The 2011 AHA/ASA guidelines for prevention of primary and recurrent stroke recommend risk factor modification of hyperlipidemia, hypertension, and diabetes.38,39 For patients with CHD or prior stroke/TIA, the guidelines recommend antiplatelet therapy. Notably, there were stroke events in our cohort despite the fact that the majority of subjects were receiving antiplatelet therapies (84%) and statins (65%) and had achieved excellent risk factor control (low density lipoprotein: 105+/−33 mg/dL, systolic blood pressure: 133 +/−21 mmHg, hemoglobin A1c: 6.0 +/−1.2%). Although stroke prevention guidelines state that opportunistic pulse screening followed by EKG to assess for AF in patients ≥65 may be useful, this limited ascertainment may be insensitive for sufficient detection of paroxysmal AF. 39, 40
There are several notable limitations of our study. This study was performed in a cohort of predominantly male patients with stable CHD, which may limit generalizability. The observational nature of the study cannot eliminate the possibility of residual confounding. However, the CHADS2 score remained strongly and independently predictive of stroke/TIA after adjustment for potential confounding variables; more extensive adjustment did not change point estimates or widen confidence intervals. Notably, approximately 6.2% of participants in the study were receiving antiarrhythmic agents, with greater use in those with high CHADS2 scores. If prescribed for atrial rather than ventricular arrhythmias, those with high CHADS2 scores may have had a higher rate of paroxysmal AF at baseline. Adjustment for antiarrhythmic drug use demonstrated no change in point estimates.
Finally, because our criterion for exclusion of subjects with AF was the baseline EKG, it is possible that individuals with known paroxysmal AF who were in sinus rhythm at the time of the baseline EKG could have been misclassified as non-AF participants and included in the analyses.
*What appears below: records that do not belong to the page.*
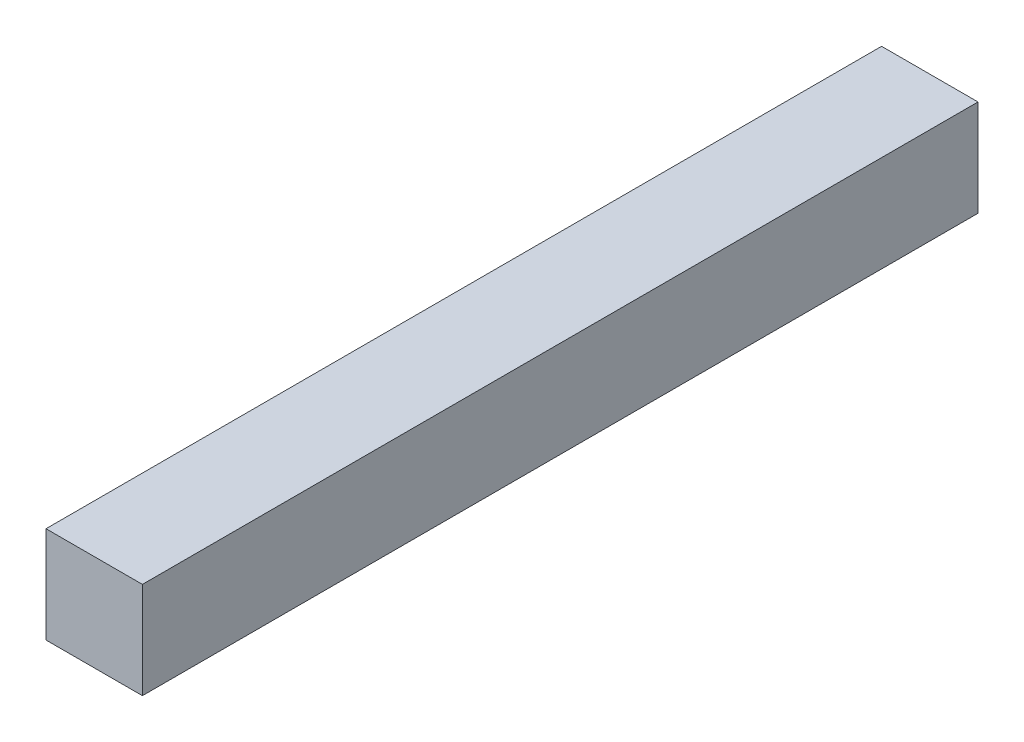
SolidWorks part; units mm, degrees
ref_plane "前基準面" through (0, 0, 0) normal (0, 0, 1) x (1, 0, 0)
ref_plane "上基準面" through (0, 0, 0) normal (0, 1, 0) x (1, 0, 0)
ref_plane "右基準面" through (0, 0, 0) normal (1, 0, 0) x (0, 0, -1)
sketch "草圖1" plane through (0, 0, 0) normal (0, 0, 1) x (1, 0, 0)
  line L1 (15, 15) -> (-15, 15)
  line L2 (15, 15) -> (15, -15)
  line L3 (15, -15) -> (-15, -15)
  line L4 (-15, 15) -> (-15, -15)
  line L5 (0, -15) -> (0, 15) construction
  line L6 (15, 0) -> (-15, 0) construction
  point P0 (0, 0)
  dimension "D1" = 30
  dimension "D2" = 30
extrude "填料-伸長1" add sketch "草圖1" along normal blind 260
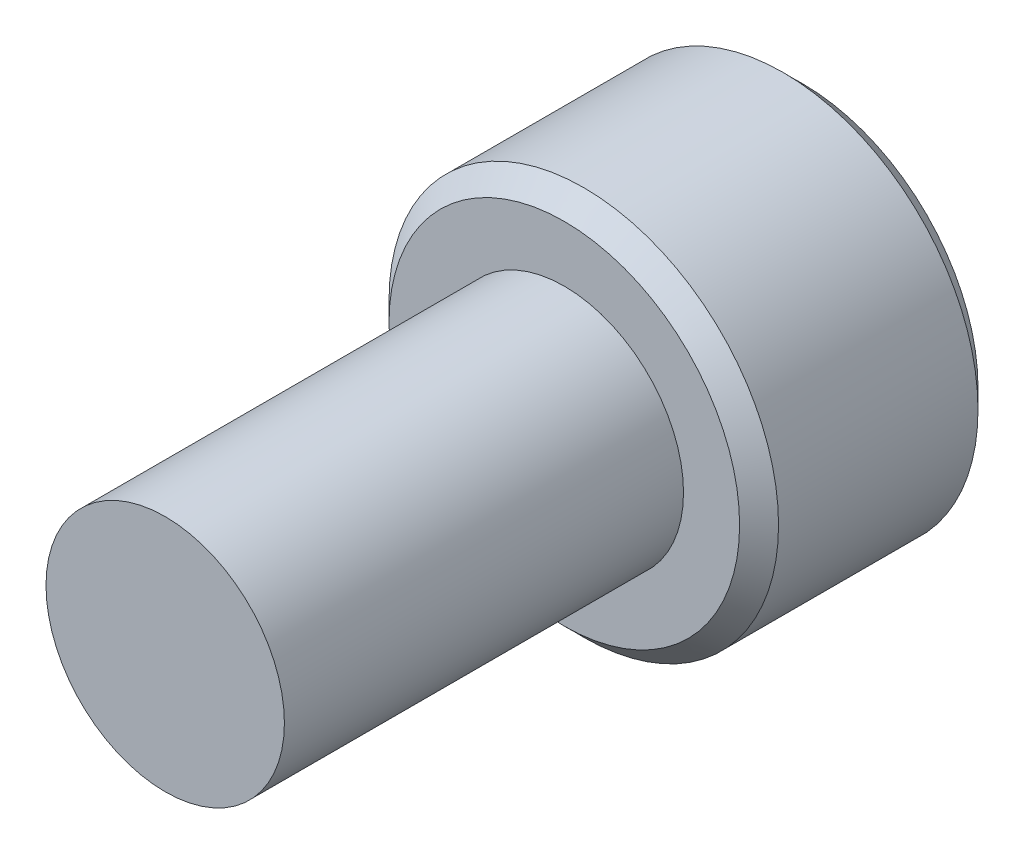
SolidWorks part; units mm, degrees
material "6061 Alloy"
ref_plane "Front Plane" through (0, 0, 0) normal (0, 0, 1) x (1, 0, 0)
ref_plane "Top Plane" through (0, 0, 0) normal (0, 1, 0) x (1, 0, 0)
ref_plane "Right Plane" through (0, 0, 0) normal (1, 0, 0) x (0, 0, -1)
sketch "Sketch1" plane through (0, 0, 0) normal (0, 0, 1) x (1, 0, 0)
  circle A0 centre (0, 0) radius 1.4224
  dimension "OD" = 2.8448
extrude "Extrude1" add sketch "Sketch1" against normal blind 4.7625
sketch "Sketch2" plane through (0, 0, 0) normal (0, 0, 1) x (1, 0, 0)
  circle A0 centre (0, 0) radius 1.4224 construction
  circle A1 centre (0, 0) radius 1.4224
curve "Helix/Spiral1" pitch 0.635 height 5.3975 turns 8.5 parameters "pitch"=0.635
sketch "Sketch3" plane through (0, 0, 0) normal (1, 0, 0) x (0, 0, -1)
  line L0 (-0.5556, 1.4224) -> (-0.3175, 1.01)
  line L1 (-0.3175, 1.01) -> (-0.2381, 1.01)
  line L2 (-0.2381, 1.01) -> (0, 1.4224)
  line L3 (-0.5556, 1.4224) -> (0, 1.4224)
  line L4 (-0.2778, 1.4224) -> (-0.2778, 1.01) construction
  line L5 (-0.4366, 1.2162) -> (-0.1191, 1.2162) construction
  line L6 (0, 1.4224) -> (0, -1.4224) construction
  dimension "D1" = 0.0794
  dimension "D2" = 0.3175
  dimension "D3" = 60
sketch "Sketch4" plane through (0, 0, 0) normal (1, 0, 0) x (0, 0, -1)
  line L0 (0.4666, 1.4224) -> (0, 0.756)
  line L1 (0, 0.756) -> (0, 1.4224)
  line L2 (0.4666, 1.4224) -> (0, 1.4224)
  line L3 (-0.5556, 1.4224) -> (0, 1.4224) construction
  line L4 (0, 0) -> (7.0209, 0) construction
  dimension "D1" = 55
  dimension "D2" = 0.254
sketch "Sketch6" plane through (0, 0, -4.7625) normal (0, 0, -1) x (-1, 0, 0)
  circle A0 centre (0, 0) radius 2.3241
  dimension "head dia" = 4.6482
extrude "Extrude2" add sketch "Sketch6" along normal blind 2.8448
sketch "Sketch7" plane through (0, 0, -7.6073) normal (0, 0, -1) x (-1, 0, 0)
  line L1 (0, 1.3748) -> (-1.1906, 0.6874)
  line L2 (-1.1906, 0.6874) -> (-1.1906, -0.6874)
  line L3 (-1.1906, -0.6874) -> (0, -1.3748)
  line L4 (0, -1.3748) -> (1.1906, -0.6874)
  line L5 (1.1906, -0.6874) -> (1.1906, 0.6874)
  line L6 (1.1906, 0.6874) -> (0, 1.3748)
  circle A0 centre (0, 0) radius 1.1906 construction
  dimension "hex dia" = 2.3813
extrude "Cut-Extrude1" cut sketch "Sketch7" against normal blind 1.7859
sketch "Sketch8" plane through (0, 0, -7.6073) normal (0, 0, -1) x (-1, 0, 0)
  circle A0 centre (0, 0) radius 1.3748
extrude "Cut-Extrude2" cut sketch "Sketch8" against normal through all draft 45
chamfer "Chamfer1" distance 0.2324 angle 45 2 edges at (-2.3241, 0, -7.6073) (-2.3241, 0, -4.7625)
sketch "Sketch10" plane through (0, 0, -4.7625) normal (0, 0, 1) x (1, 0, 0)
  circle A1 centre (0, 0) radius 1.4224
  circle A2 centre (0, 0) radius 1.4224
  dimension "D1" = 0
ref_plane "Plane1" through (0, 0, 0) normal (0, 0, 1) x (1, 0, 0)
extrude "partial thread" [suppressed] add sketch "Sketch10" along normal up to surface (12.7 mm away) separate body
chamfer "Chamfer2" [suppressed] distance 0.0569 angle 45
combine bodies "Combine1" [suppressed] operation type add bodies to combine 107 108
sketch "Sketch9" plane through (0, 0, 0) normal (1, 0, 0) x (0, 0, -1)
  line L0 (0, 1.4224) -> (0, -1.4224) construction
  line L1 (1.5875, 1.4224) -> (1.5875, -1.4224) construction
  dimension "D1" = 1.5875
equation "\"D3@Helix/Spiral1\" = \"screw length@Extrude1\"+\"pitch@Helix/Spiral1\""
equation "\"D1@Sketch3\" = \"pitch@Helix/Spiral1\"*.125"
equation "\"D2@Sketch3\" = \"pitch@Helix/Spiral1\"*.5"
equation "\"D1@Cut-Extrude1\" = \"hex dia@Sketch7\"*.75"
equation "\"D1@Chamfer1\" = \"head dia@Sketch6\"*.05"
equation "\"D1@Sketch9\" = \"pitch@Helix/Spiral1\"*2.5"
equation "\"D1@Chamfer2\"=\"OD@Sketch1\"*.02"
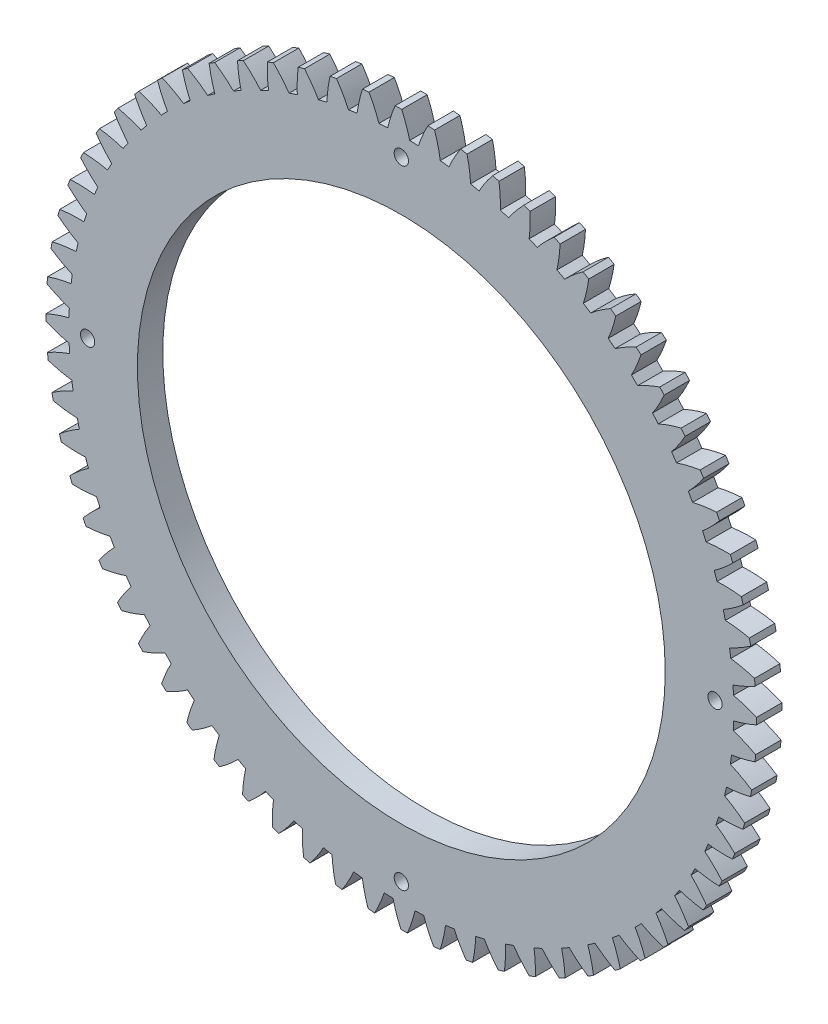
SolidWorks part; units mm, degrees
ref_plane "Front Plane" through (0, 0, 0) normal (0, 0, 1) x (1, 0, 0)
ref_plane "Top Plane" through (0, 0, 0) normal (0, 1, 0) x (1, 0, 0)
ref_plane "Right Plane" through (0, 0, 0) normal (1, 0, 0) x (0, 0, -1)
sketch "Sketch1" plane through (0, 0, 0) normal (0, 0, 1) x (1, 0, 0)
  point P0 (0, 0)
  arc B0 (-88.8869, -1.5268) -> (-83.1136, -3.414) centre (-75.3085, 30.2366) ccw
  arc B1 (-83.1136, -3.414) -> (-82.9956, -5.5911) centre (0, 0) ccw
  arc B2 (-82.9956, -5.5911) -> (-88.531, -8.0914) centre (-71.5984, -38.2007) ccw
  arc B3 (-88.531, -8.0914) -> (-88.3668, -9.7217) centre (0, 0) ccw
  arc B4 (-88.3668, -9.7217) -> (-82.4441, -11.0682) centre (-77.7771, 23.1591) ccw
  arc B5 (-82.4441, -11.0682) -> (-82.1257, -13.2251) centre (0, 0) ccw
  arc B6 (-82.1257, -13.2251) -> (-87.4068, -16.2255) centre (-67.7682, -44.644) ccw
  arc B7 (-87.4068, -16.2255) -> (-87.0929, -17.8337) centre (0, 0) ccw
  arc B8 (-87.0929, -17.8337) -> (-81.0711, -18.628) centre (-79.5822, 15.8839) ccw
  arc B9 (-81.0711, -18.628) -> (-80.5551, -20.7463) centre (0, 0) ccw
  arc B10 (-80.5551, -20.7463) -> (-85.5368, -24.2211) centre (-63.3599, -50.7065) ccw
  arc B11 (-85.5368, -24.2211) -> (-85.0759, -25.7935) centre (0, 0) ccw
  arc B12 (-85.0759, -25.7935) -> (-79.0065, -26.0288) centre (-80.7083, 8.4732) ccw
  arc B13 (-79.0065, -26.0288) -> (-78.2972, -28.0905) centre (0, 0) ccw
  arc B14 (-78.2972, -28.0905) -> (-82.9371, -32.0102) centre (-58.411, -56.3363) ccw
  arc B15 (-82.9371, -32.0102) -> (-82.333, -33.5333) centre (0, 0) ccw
  arc B16 (-82.333, -33.5333) -> (-76.2679, -33.2076) centre (-81.1458, 0.9903) ccw
  arc B17 (-76.2679, -33.2076) -> (-75.3714, -35.195) centre (0, 0) ccw
  arc B18 (-75.3714, -35.195) -> (-79.6298, -39.5261) centre (-52.9638, -61.4854) ccw
  arc B19 (-79.6298, -39.5261) -> (-78.8877, -40.987) centre (0, 0) ccw
  arc B20 (-78.8877, -40.987) -> (-72.8785, -40.103) centre (-80.891, -6.5011) ccw
  arc B21 (-72.8785, -40.103) -> (-71.8025, -41.9992) centre (0, 0) ccw
  arc B22 (-71.8025, -41.9992) -> (-75.6431, -46.7048) centre (-47.0647, -66.11) ccw
  arc B23 (-75.6431, -46.7048) -> (-74.7694, -48.091) centre (0, 0) ccw
  arc B24 (-74.7694, -48.091) -> (-68.8674, -46.6564) centre (-79.9461, -13.9371) ccw
  arc B25 (-68.8674, -46.6564) -> (-67.621, -48.4452) centre (0, 0) ccw
  arc B26 (-67.621, -48.4452) -> (-71.011, -53.485) centre (-40.7641, -70.1706) ccw
  arc B27 (-71.011, -53.485) -> (-70.0132, -54.7847) centre (0, 0) ccw
  arc B28 (-70.0132, -54.7847) -> (-64.2687, -52.8116) centre (-78.3191, -21.2541) ccw
  arc B29 (-64.2687, -52.8116) -> (-62.8626, -54.4778) centre (0, 0) ccw
  arc B30 (-62.8626, -54.4778) -> (-65.7731, -59.8089) centre (-34.1156, -73.6325) ccw
  arc B31 (-65.7731, -59.8089) -> (-64.6596, -61.011) centre (0, 0) ccw
  arc B32 (-64.6596, -61.011) -> (-59.1217, -58.5163) centre (-76.0239, -28.3898) ccw
  arc B33 (-59.1217, -58.5163) -> (-57.5678, -60.0456) centre (0, 0) ccw
  arc B34 (-57.5678, -60.0456) -> (-59.9741, -65.6226) centre (-27.1762, -76.4662) ccw
  arc B35 (-59.9741, -65.6226) -> (-58.7544, -66.7168) centre (0, 0) ccw
  arc B36 (-58.7544, -66.7168) -> (-53.4703, -63.7217) centre (-73.0802, -35.2833) ccw
  arc B37 (-53.4703, -63.7217) -> (-51.7819, -65.1012) centre (0, 0) ccw
  arc B38 (-51.7819, -65.1012) -> (-53.6634, -70.8763) centre (-20.0048, -78.6475) ccw
  arc B39 (-53.6634, -70.8763) -> (-52.3479, -71.8534) centre (0, 0) ccw
  arc B40 (-52.3479, -71.8534) -> (-47.3627, -68.3835) centre (-69.5129, -41.8758) ccw
  arc B41 (-47.3627, -68.3835) -> (-45.5543, -69.6013) centre (0, 0) ccw
  arc B42 (-45.5543, -69.6013) -> (-46.8948, -75.5254) centre (-12.6628, -80.1578) ccw
  arc B43 (-46.8948, -75.5254) -> (-45.4948, -76.3769) centre (0, 0) ccw
  arc B44 (-45.4948, -76.3769) -> (-40.851, -72.4619) centre (-65.3525, -48.111) ccw
  arc B45 (-40.851, -72.4619) -> (-38.9379, -73.5076) centre (0, 0) ccw
  arc B46 (-38.9379, -73.5076) -> (-39.7261, -79.5301) centre (-5.2128, -80.9843) ccw
  arc B47 (-39.7261, -79.5301) -> (-38.2536, -80.2488) centre (0, 0) ccw
  arc B48 (-38.2536, -80.2488) -> (-33.9908, -75.922) centre (-60.6346, -53.9358) ccw
  arc B49 (-33.9908, -75.922) -> (-31.9894, -76.7868) centre (0, 0) ccw
  arc B50 (-31.9894, -76.7868) -> (-32.2186, -82.8563) centre (2.2818, -81.1198) ccw
  arc B51 (-32.2186, -82.8563) -> (-30.686, -83.4361) centre (0, 0) ccw
  arc B52 (-30.686, -83.4361) -> (-26.8406, -78.7344) centre (-55.3994, -59.3003) ccw
  arc B53 (-26.8406, -78.7344) -> (-24.768, -79.4108) centre (0, 0) ccw
  arc B54 (-24.768, -79.4108) -> (-24.4361, -85.4756) centre (9.7568, -80.5632) ccw
  arc B55 (-24.4361, -85.4756) -> (-22.8566, -85.9115) centre (0, 0) ccw
  arc B56 (-22.8566, -85.9115) -> (-19.4614, -80.8751) centre (-49.6915, -64.159) ccw
  arc B57 (-19.4614, -80.8751) -> (-17.3352, -81.3574) centre (0, 0) ccw
  arc B58 (-17.3352, -81.3574) -> (-16.4452, -87.3657) centre (17.1486, -79.3193) ccw
  arc B59 (-16.4452, -87.3657) -> (-14.8321, -87.654) centre (0, 0) ccw
  arc B60 (-14.8321, -87.654) -> (-11.9162, -82.3258) centre (-43.5597, -68.4703) ccw
  arc B61 (-11.9162, -82.3258) -> (-9.7545, -82.6098) centre (0, 0) ccw
  arc B62 (-9.7545, -82.6098) -> (-8.3139, -88.5104) centre (24.3941, -77.3986) ccw
  arc B63 (-8.3139, -88.5104) -> (-6.6812, -88.6486) centre (0, 0) ccw
  arc B64 (-6.6812, -88.6486) -> (-4.2693, -83.0741) centre (-37.0563, -72.1974) ccw
  arc B65 (-4.2693, -83.0741) -> (-2.0907, -83.1575) centre (0, 0) ccw
  arc B66 (-2.0907, -83.1575) -> (-0.1118, -88.8999) centre (31.4315, -74.8177) ccw
  arc B67 (-0.1118, -88.8999) -> (1.5268, -88.8869) centre (0, 0) ccw
  arc B68 (1.5268, -88.8869) -> (3.414, -83.1136) centre (-30.2366, -75.3085) ccw
  arc B69 (3.414, -83.1136) -> (5.5911, -82.9956) centre (0, 0) ccw
  arc B70 (5.5911, -82.9956) -> (8.0914, -88.531) centre (38.2007, -71.5984) ccw
  arc B71 (8.0914, -88.531) -> (9.7217, -88.3668) centre (0, 0) ccw
  arc B72 (9.7217, -88.3668) -> (11.0682, -82.4441) centre (-23.1591, -77.7771) ccw
  arc B73 (11.0682, -82.4441) -> (13.2251, -82.1257) centre (0, 0) ccw
  arc B74 (13.2251, -82.1257) -> (16.2255, -87.4068) centre (44.644, -67.7682) ccw
  arc B75 (16.2255, -87.4068) -> (17.8337, -87.0929) centre (0, 0) ccw
  arc B76 (17.8337, -87.0929) -> (18.628, -81.0711) centre (-15.8839, -79.5822) ccw
  arc B77 (18.628, -81.0711) -> (20.7463, -80.5551) centre (0, 0) ccw
  arc B78 (20.7463, -80.5551) -> (24.2211, -85.5368) centre (50.7065, -63.3599) ccw
  arc B79 (24.2211, -85.5368) -> (25.7935, -85.0759) centre (0, 0) ccw
  arc B80 (25.7935, -85.0759) -> (26.0288, -79.0065) centre (-8.4732, -80.7083) ccw
  arc B81 (26.0288, -79.0065) -> (28.0905, -78.2972) centre (0, 0) ccw
  arc B82 (28.0905, -78.2972) -> (32.0102, -82.9371) centre (56.3363, -58.411) ccw
  arc B83 (32.0102, -82.9371) -> (33.5333, -82.333) centre (0, 0) ccw
  arc B84 (33.5333, -82.333) -> (33.2076, -76.2679) centre (-0.9903, -81.1458) ccw
  arc B85 (33.2076, -76.2679) -> (35.195, -75.3714) centre (0, 0) ccw
  arc B86 (35.195, -75.3714) -> (39.5261, -79.6298) centre (61.4854, -52.9638) ccw
  arc B87 (39.5261, -79.6298) -> (40.987, -78.8877) centre (0, 0) ccw
  arc B88 (40.987, -78.8877) -> (40.103, -72.8785) centre (6.5011, -80.891) ccw
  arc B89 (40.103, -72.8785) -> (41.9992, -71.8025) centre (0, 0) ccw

It is also possible that participants without known AF but who had AF on the baseline study EKG could have been misclassified and excluded. However, for paroxysmal AF, any method of AF ascertainment other than continuous EKG monitoring would be subject to similar misclassification.
In summary, we found that the CHADS2 risk score independently predicts stroke/TIA in patients with CHD who have no known history of AF. The event rate in non-AF CHD patients with high CHADS2 scores (5-6) was comparable to published rates in AF patients with moderate CHADS2 scores (1-2). Since most strokes occur in patients without known AF, the CHADS2 score may have a role in identification of high-risk individuals who may benefit from stroke prevention therapies or screening for silent AF.